Looking back 20 years, the story is one of increasing demand for social housing, with supply struggling to keep up. All of the increase in the English dwelling stock since 2001 has come from the private sector. Despite policies requiring a percentage of housing to be ‘affordable’, the number of social rented homes fell from 4.2 million homes in 2001 to 3.9 million in 2008, but recovered to 4 million homes by 2017. Capital grants for house building have been cut from around 90% in 1998 to around 25%, and thus much housing association building is funded from private borrowing.  

Still, there has been a gradual uplift in council homes following enabling legislation in the Localism Act; around 2,700 homes have been built by local authorities per annum since 2011. Councils are exploring alternative ways of delivering housing and just under a half of councils have set up local housing companies.

There might also be significant (and potentially gentrifying) estate regeneration allowing existing estates to be rebuilt with even more homes, as part of local authority regeneration and placemaking objectives. However, estate regeneration is not without its own challenges. Proposals for financing such schemes, and delivering additional social housing through maximised densities and increased development, often conflict with the views of local residents. The move to ballots and local referendums to decide the outcome encapsulate this tension.

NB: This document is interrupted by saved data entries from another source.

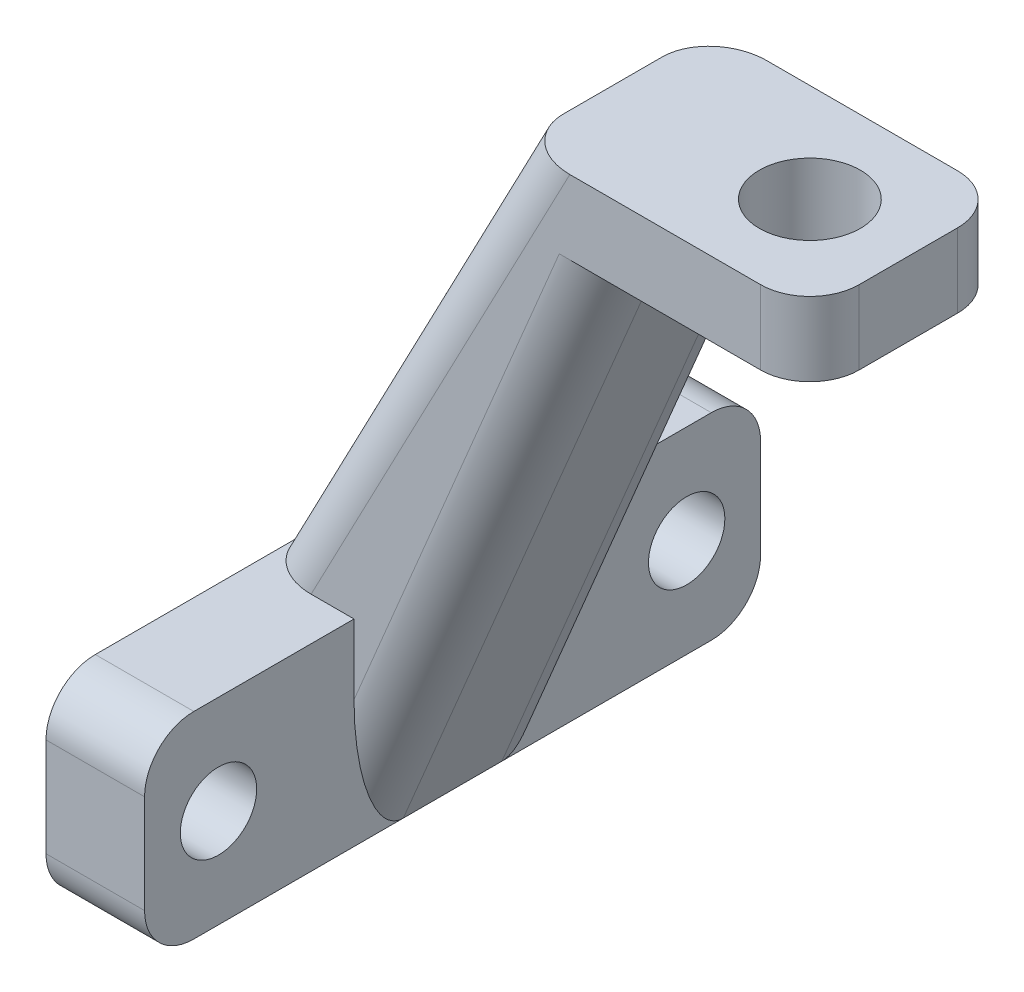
ISO-10303-21;
HEADER;
FILE_DESCRIPTION(('STEP AP214'),'2;1');
FILE_NAME('part.step','',(''),(''),'','','');
FILE_SCHEMA(('AUTOMOTIVE_DESIGN { 1 0 10303 214 1 1 1 1 }'));
ENDSEC;
DATA;
#1=APPLICATION_CONTEXT('core data for automotive mechanical design processes');
#2=APPLICATION_PROTOCOL_DEFINITION('international standard','automotive_design',2000,#1);
#3=PRODUCT_CONTEXT('',#1,'mechanical');
#4=PRODUCT('Part','Part','',(#3));
#5=PRODUCT_RELATED_PRODUCT_CATEGORY('part','',(#4));
#6=PRODUCT_DEFINITION_FORMATION('','',#4);
#7=PRODUCT_DEFINITION_CONTEXT('part definition',#1,'design');
#8=PRODUCT_DEFINITION('design','',#6,#7);
#9=PRODUCT_DEFINITION_SHAPE('','',#8);
#10=(LENGTH_UNIT() NAMED_UNIT(*) SI_UNIT(.MILLI.,.METRE.));
#11=(NAMED_UNIT(*) PLANE_ANGLE_UNIT() SI_UNIT($,.RADIAN.));
#12=(NAMED_UNIT(*) SI_UNIT($,.STERADIAN.) SOLID_ANGLE_UNIT());
#13=UNCERTAINTY_MEASURE_WITH_UNIT(LENGTH_MEASURE(1.E-05),#10,'distance_accuracy_value','');
#14=(GEOMETRIC_REPRESENTATION_CONTEXT(3) GLOBAL_UNCERTAINTY_ASSIGNED_CONTEXT((#13)) GLOBAL_UNIT_ASSIGNED_CONTEXT((#10,
#11,#12)) REPRESENTATION_CONTEXT('',''));
#15=CARTESIAN_POINT('',(0.,0.,0.));
#16=DIRECTION('',(0.,0.,1.));
#17=DIRECTION('',(1.,0.,0.));
#18=AXIS2_PLACEMENT_3D('',#15,#16,#17);
#19=CARTESIAN_POINT('',(-18.5,0.,0.));
#20=DIRECTION('',(1.,0.,0.));
#21=DIRECTION('',(0.,0.,-1.));
#22=AXIS2_PLACEMENT_3D('',#19,#20,#21);
#23=PLANE('',#22);
#24=CARTESIAN_POINT('',(-18.5,-21.,9.5));
#25=DIRECTION('',(1.,0.,0.));
#26=DIRECTION('',(0.,0.,-1.));
#27=AXIS2_PLACEMENT_3D('',#24,#25,#26);
#28=CIRCLE('',#27,1.55);
#29=CARTESIAN_POINT('',(-18.5,-21.,7.95));
#30=VERTEX_POINT('',#29);
#31=EDGE_CURVE('E391',#30,#30,#28,.T.);
#32=ORIENTED_EDGE('',*,*,#31,.T.);
#33=EDGE_LOOP('',(#32));
#34=FACE_BOUND('',#33,.T.);
#35=DIRECTION('',(0.,0.,-1.));
#36=VECTOR('',#35,1.);
#37=CARTESIAN_POINT('',(-18.5,-17.,-12.5));
#38=LINE('',#37,#36);
#39=CARTESIAN_POINT('',(-18.5,-17.,-2.));
#40=VERTEX_POINT('',#39);
#41=CARTESIAN_POINT('',(-18.5,-17.,-10.5));
#42=VERTEX_POINT('',#41);
#43=EDGE_CURVE('E395',#40,#42,#38,.T.);
#44=ORIENTED_EDGE('',*,*,#43,.T.);
#45=CARTESIAN_POINT('',(-18.5,-19.,-10.5));
#46=DIRECTION('',(1.,0.,0.));
#47=DIRECTION('',(0.,0.,-1.));
#48=AXIS2_PLACEMENT_3D('',#45,#46,#47);
#49=CIRCLE('',#48,2.);
#50=CARTESIAN_POINT('',(-18.5,-19.,-12.5));
#51=VERTEX_POINT('',#50);
#52=EDGE_CURVE('E587',#42,#51,#49,.F.);
#53=ORIENTED_EDGE('',*,*,#52,.T.);
#54=DIRECTION('',(0.,-1.,0.));
#55=VECTOR('',#54,1.);
#56=CARTESIAN_POINT('',(-18.5,-25.,-12.5));
#57=LINE('',#56,#55);
#58=CARTESIAN_POINT('',(-18.5,-23.,-12.5));
#59=VERTEX_POINT('',#58);
#60=EDGE_CURVE('E552',#51,#59,#57,.T.);
#61=ORIENTED_EDGE('',*,*,#60,.T.);
#62=CARTESIAN_POINT('',(-18.5,-23.,-10.5));
#63=DIRECTION('',(1.,0.,0.));
#64=DIRECTION('',(0.,0.,-1.));
#65=AXIS2_PLACEMENT_3D('',#62,#63,#64);
#66=CIRCLE('',#65,2.);
#67=CARTESIAN_POINT('',(-18.5,-25.,-10.5));
#68=VERTEX_POINT('',#67);
#69=EDGE_CURVE('E584',#59,#68,#66,.F.);
#70=ORIENTED_EDGE('',*,*,#69,.T.);
#71=DIRECTION('',(0.,0.,1.));
#72=VECTOR('',#71,1.);
#73=CARTESIAN_POINT('',(-18.5,-25.,-12.5));
#74=LINE('',#73,#72);
#75=CARTESIAN_POINT('',(-18.5,-25.,10.5));
#76=VERTEX_POINT('',#75);
#77=EDGE_CURVE('E422',#68,#76,#74,.T.);
#78=ORIENTED_EDGE('',*,*,#77,.T.);
#79=CARTESIAN_POINT('',(-18.5,-23.,10.5));
#80=DIRECTION('',(1.,0.,0.));
#81=DIRECTION('',(0.,0.,-1.));
#82=AXIS2_PLACEMENT_3D('',#79,#80,#81);
#83=CIRCLE('',#82,2.);
#84=CARTESIAN_POINT('',(-18.5,-23.,12.5));
#85=VERTEX_POINT('',#84);
#86=EDGE_CURVE('E510',#76,#85,#83,.F.);
#87=ORIENTED_EDGE('',*,*,#86,.T.);
#88=DIRECTION('',(0.,1.,0.));
#89=VECTOR('',#88,1.);
#90=CARTESIAN_POINT('',(-18.5,-25.,12.5));
#91=LINE('',#90,#89);
#92=CARTESIAN_POINT('',(-18.5,-19.,12.5));
#93=VERTEX_POINT('',#92);
#94=EDGE_CURVE('E254',#85,#93,#91,.T.);
#95=ORIENTED_EDGE('',*,*,#94,.T.);
#96=CARTESIAN_POINT('',(-18.5,-19.,10.5));
#97=DIRECTION('',(1.,0.,0.));
#98=DIRECTION('',(0.,0.,-1.));
#99=AXIS2_PLACEMENT_3D('',#96,#97,#98);
#100=CIRCLE('',#99,2.);
#101=CARTESIAN_POINT('',(-18.5,-17.,10.5));
#102=VERTEX_POINT('',#101);
#103=EDGE_CURVE('E575',#93,#102,#100,.F.);
#104=ORIENTED_EDGE('',*,*,#103,.T.);
#105=DIRECTION('',(0.,0.,1.));
#106=VECTOR('',#105,1.);
#107=CARTESIAN_POINT('',(-18.5,-17.,-28.7032386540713));
#108=LINE('',#107,#106);
#109=CARTESIAN_POINT('',(-18.5,-17.,2.));
#110=VERTEX_POINT('',#109);
#111=EDGE_CURVE('E230',#110,#102,#108,.T.);
#112=ORIENTED_EDGE('',*,*,#111,.F.);
#113=EDGE_CURVE('E235',#40,#110,#108,.T.);
#114=ORIENTED_EDGE('',*,*,#113,.F.);
#115=EDGE_LOOP('',(#44,#53,#61,#70,#78,#87,#95,#104,#112,#114));
#116=FACE_BOUND('',#115,.T.);
#117=CARTESIAN_POINT('',(-18.5,-21.,-9.50000000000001));
#118=DIRECTION('',(1.,0.,0.));
#119=DIRECTION('',(0.,0.,-1.));
#120=AXIS2_PLACEMENT_3D('',#117,#118,#119);
#121=CIRCLE('',#120,1.55);
#122=CARTESIAN_POINT('',(-18.5,-21.,-11.05));
#123=VERTEX_POINT('',#122);
#124=EDGE_CURVE('E231',#123,#123,#121,.F.);
#125=ORIENTED_EDGE('',*,*,#124,.F.);
#126=EDGE_LOOP('',(#125));
#127=FACE_BOUND('',#126,.T.);
#128=ADVANCED_FACE('F47',(#34,#116,#127),#23,.F.);
#129=CARTESIAN_POINT('',(-14.5,-17.,-12.5));
#130=DIRECTION('',(0.,1.,0.));
#131=DIRECTION('',(0.,0.,1.));
#132=AXIS2_PLACEMENT_3D('',#129,#130,#131);
#133=PLANE('',#132);
#134=DIRECTION('',(0.,0.,-1.));
#135=VECTOR('',#134,1.);
#136=CARTESIAN_POINT('',(-14.5,-17.,-12.5));
#137=LINE('',#136,#135);
#138=CARTESIAN_POINT('',(-14.5,-17.,-4.));
#139=VERTEX_POINT('',#138);
#140=CARTESIAN_POINT('',(-14.5,-17.,-10.5));
#141=VERTEX_POINT('',#140);
#142=EDGE_CURVE('E208',#139,#141,#137,.T.);
#143=ORIENTED_EDGE('',*,*,#142,.T.);
#144=DIRECTION('',(-1.,0.,0.));
#145=VECTOR('',#144,1.);
#146=CARTESIAN_POINT('',(-14.5,-17.,-10.5));
#147=LINE('',#146,#145);
#148=EDGE_CURVE('E528',#141,#42,#147,.T.);
#149=ORIENTED_EDGE('',*,*,#148,.T.);
#150=ORIENTED_EDGE('',*,*,#43,.F.);
#151=CARTESIAN_POINT('',(-16.2411286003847,-17.,-2.));
#152=DIRECTION('',(0.,1.,0.));
#153=DIRECTION('',(-1.,0.,0.));
#154=AXIS2_PLACEMENT_3D('',#151,#152,#153);
#155=ELLIPSE('',#154,2.2588713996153,2.);
#156=CARTESIAN_POINT('',(-16.2411286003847,-17.,-4.));
#157=VERTEX_POINT('',#156);
#158=EDGE_CURVE('E440',#40,#157,#155,.F.);
#159=ORIENTED_EDGE('',*,*,#158,.T.);
#160=DIRECTION('',(-1.,0.,0.));
#161=VECTOR('',#160,1.);
#162=CARTESIAN_POINT('',(-18.5,-17.,-4.));
#163=LINE('',#162,#161);
#164=EDGE_CURVE('E250',#139,#157,#163,.T.);
#165=ORIENTED_EDGE('',*,*,#164,.F.);
#166=EDGE_LOOP('',(#143,#149,#150,#159,#165));
#167=FACE_BOUND('',#166,.T.);
#168=ADVANCED_FACE('F331',(#167),#133,.T.);
#169=CARTESIAN_POINT('',(0.,3.,0.));
#170=DIRECTION('',(0.,-1.,0.));
#171=DIRECTION('',(0.,0.,-1.));
#172=AXIS2_PLACEMENT_3D('',#169,#170,#171);
#173=PLANE('',#172);
#174=DIRECTION('',(0.,0.,-1.));
#175=VECTOR('',#174,1.);
#176=CARTESIAN_POINT('',(4.,3.,4.));
#177=LINE('',#176,#175);
#178=CARTESIAN_POINT('',(4.,3.,2.));
#179=VERTEX_POINT('',#178);
#180=CARTESIAN_POINT('',(4.,3.,-2.));
#181=VERTEX_POINT('',#180);
#182=EDGE_CURVE('E278',#179,#181,#177,.T.);
#183=ORIENTED_EDGE('',*,*,#182,.T.);
#184=CARTESIAN_POINT('',(2.,3.,-2.));
#185=DIRECTION('',(0.,-1.,0.));
#186=DIRECTION('',(0.,0.,-1.));
#187=AXIS2_PLACEMENT_3D('',#184,#185,#186);
#188=CIRCLE('',#187,2.);
#189=CARTESIAN_POINT('',(2.,3.,-4.));
#190=VERTEX_POINT('',#189);
#191=EDGE_CURVE('E242',#181,#190,#188,.F.);
#192=ORIENTED_EDGE('',*,*,#191,.T.);
#193=DIRECTION('',(-1.,0.,0.));
#194=VECTOR('',#193,1.);
#195=CARTESIAN_POINT('',(-4.,3.,-4.));
#196=LINE('',#195,#194);
#197=CARTESIAN_POINT('',(-5.7411286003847,3.,-4.));
#198=VERTEX_POINT('',#197);
#199=EDGE_CURVE('E273',#190,#198,#196,.T.);
#200=ORIENTED_EDGE('',*,*,#199,.T.);
#201=CARTESIAN_POINT('',(-5.7411286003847,3.,-2.));
#202=DIRECTION('',(0.,-1.,0.));
#203=DIRECTION('',(-1.,0.,0.));
#204=AXIS2_PLACEMENT_3D('',#201,#202,#203);
#205=ELLIPSE('',#204,2.2588713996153,2.);
#206=CARTESIAN_POINT('',(-8.00000000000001,3.,-2.));
#207=VERTEX_POINT('',#206);
#208=EDGE_CURVE('E612',#198,#207,#205,.F.);
#209=ORIENTED_EDGE('',*,*,#208,.T.);
#210=DIRECTION('',(0.,0.,1.));
#211=VECTOR('',#210,1.);
#212=CARTESIAN_POINT('',(-8.00000000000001,3.,-28.7032386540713));
#213=LINE('',#212,#211);
#214=CARTESIAN_POINT('',(-8.00000000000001,3.,2.));
#215=VERTEX_POINT('',#214);
#216=EDGE_CURVE('E255',#207,#215,#213,.T.);
#217=ORIENTED_EDGE('',*,*,#216,.T.);
#218=CARTESIAN_POINT('',(-5.7411286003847,3.,2.));
#219=DIRECTION('',(0.,-1.,0.));
#220=DIRECTION('',(1.,0.,0.));
#221=AXIS2_PLACEMENT_3D('',#218,#219,#220);
#222=ELLIPSE('',#221,2.2588713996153,2.);
#223=CARTESIAN_POINT('',(-5.74112860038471,3.,4.));
#224=VERTEX_POINT('',#223);
#225=EDGE_CURVE('E569',#215,#224,#222,.F.);
#226=ORIENTED_EDGE('',*,*,#225,.T.);
#227=DIRECTION('',(1.,0.,0.));
#228=VECTOR('',#227,1.);
#229=CARTESIAN_POINT('',(-4.,3.,4.));
#230=LINE('',#229,#228);
#231=CARTESIAN_POINT('',(2.,3.,4.));
#232=VERTEX_POINT('',#231);
#233=EDGE_CURVE('E277',#224,#232,#230,.T.);
#234=ORIENTED_EDGE('',*,*,#233,.T.);
#235=CARTESIAN_POINT('',(2.,3.,2.));
#236=DIRECTION('',(0.,-1.,0.));
#237=DIRECTION('',(0.,0.,-1.));
#238=AXIS2_PLACEMENT_3D('',#235,#236,#237);
#239=CIRCLE('',#238,2.);
#240=EDGE_CURVE('E607',#232,#179,#239,.F.);
#241=ORIENTED_EDGE('',*,*,#240,.T.);
#242=EDGE_LOOP('',(#183,#192,#200,#209,#217,#226,#234,#241));
#243=FACE_BOUND('',#242,.T.);
#244=CARTESIAN_POINT('',(0.,3.,0.));
#245=DIRECTION('',(0.,1.,0.));
#246=DIRECTION('',(0.,0.,1.));
#247=AXIS2_PLACEMENT_3D('',#244,#245,#246);
#248=CIRCLE('',#247,2.05);
#249=CARTESIAN_POINT('',(0.,3.,2.05));
#250=VERTEX_POINT('',#249);
#251=EDGE_CURVE('E650',#250,#250,#248,.T.);
#252=ORIENTED_EDGE('',*,*,#251,.F.);
#253=EDGE_LOOP('',(#252));
#254=FACE_BOUND('',#253,.T.);
#255=ADVANCED_FACE('F327',(#243,#254),#173,.F.);
#256=CARTESIAN_POINT('',(0.,0.,0.));
#257=DIRECTION('',(0.,-1.,0.));
#258=DIRECTION('',(0.,0.,-1.));
#259=AXIS2_PLACEMENT_3D('',#256,#257,#258);
#260=PLANE('',#259);
#261=DIRECTION('',(-1.,0.,0.));
#262=VECTOR('',#261,1.);
#263=CARTESIAN_POINT('',(-4.,0.,-4.));
#264=LINE('',#263,#262);
#265=CARTESIAN_POINT('',(2.,0.,-4.));
#266=VERTEX_POINT('',#265);
#267=CARTESIAN_POINT('',(-6.169239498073,0.,-4.));
#268=VERTEX_POINT('',#267);
#269=EDGE_CURVE('E258',#266,#268,#264,.T.);
#270=ORIENTED_EDGE('',*,*,#269,.F.);
#271=CARTESIAN_POINT('',(2.,0.,-2.));
#272=DIRECTION('',(0.,-1.,0.));
#273=DIRECTION('',(0.,0.,-1.));
#274=AXIS2_PLACEMENT_3D('',#271,#272,#273);
#275=CIRCLE('',#274,2.);
#276=CARTESIAN_POINT('',(4.,0.,-2.));
#277=VERTEX_POINT('',#276);
#278=EDGE_CURVE('E630',#266,#277,#275,.T.);
#279=ORIENTED_EDGE('',*,*,#278,.T.);
#280=DIRECTION('',(0.,0.,-1.));
#281=VECTOR('',#280,1.);
#282=CARTESIAN_POINT('',(4.,0.,4.));
#283=LINE('',#282,#281);
#284=CARTESIAN_POINT('',(4.,0.,2.));
#285=VERTEX_POINT('',#284);
#286=EDGE_CURVE('E263',#285,#277,#283,.T.);
#287=ORIENTED_EDGE('',*,*,#286,.F.);
#288=CARTESIAN_POINT('',(2.,0.,2.));
#289=DIRECTION('',(0.,-1.,0.));
#290=DIRECTION('',(0.,0.,-1.));
#291=AXIS2_PLACEMENT_3D('',#288,#289,#290);
#292=CIRCLE('',#291,2.);
#293=CARTESIAN_POINT('',(2.,0.,4.));
#294=VERTEX_POINT('',#293);
#295=EDGE_CURVE('E290',#285,#294,#292,.T.);
#296=ORIENTED_EDGE('',*,*,#295,.T.);
#297=DIRECTION('',(1.,0.,0.));
#298=VECTOR('',#297,1.);
#299=CARTESIAN_POINT('',(-4.,0.,4.));
#300=LINE('',#299,#298);
#301=CARTESIAN_POINT('',(-6.169239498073,0.,4.));
#302=VERTEX_POINT('',#301);
#303=EDGE_CURVE('E636',#302,#294,#300,.T.);
#304=ORIENTED_EDGE('',*,*,#303,.F.);
#305=CARTESIAN_POINT('',(-6.169239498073,0.,2.));
#306=DIRECTION('',(0.,-1.,0.));
#307=DIRECTION('',(-1.,0.,0.));
#308=AXIS2_PLACEMENT_3D('',#305,#306,#307);
#309=ELLIPSE('',#308,2.169239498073,2.);
#310=CARTESIAN_POINT('',(-4.,0.,2.));
#311=VERTEX_POINT('',#310);
#312=EDGE_CURVE('E446',#302,#311,#309,.F.);
#313=ORIENTED_EDGE('',*,*,#312,.T.);
#314=CARTESIAN_POINT('',(-4.,0.,-2.));
#315=DIRECTION('',(0.,0.,1.));
#316=VECTOR('',#315,1.);
#317=LINE('',#314,#316);
#318=CARTESIAN_POINT('',(-4.,0.,-2.));
#319=VERTEX_POINT('',#318);
#320=EDGE_CURVE('E262',#319,#311,#317,.T.);
#321=ORIENTED_EDGE('',*,*,#320,.F.);
#322=CARTESIAN_POINT('',(-6.169239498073,0.,-2.));
#323=DIRECTION('',(0.,-1.,0.));
#324=DIRECTION('',(-1.,0.,0.));
#325=AXIS2_PLACEMENT_3D('',#322,#323,#324);
#326=ELLIPSE('',#325,2.169239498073,2.);
#327=EDGE_CURVE('E58',#319,#268,#326,.F.);
#328=ORIENTED_EDGE('',*,*,#327,.T.);
#329=EDGE_LOOP('',(#270,#279,#287,#296,#304,#313,#321,#328));
#330=FACE_BOUND('',#329,.T.);
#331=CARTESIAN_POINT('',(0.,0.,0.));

By 2040, councils seem likely once again to have a bigger role in social housing delivery, alongside housing associations and others. However, a huge resurgence in social housing build looks as unlikely in the next 20 years as it has been in the last two decades. The trend is towards more private rented provision (PRS) and a professionalisation of PRS landlords as we write elsewhere. However, the major shortfall in supply means we can’t rule out a radical change in policy of the sort promoted by Jeremy Corbyn.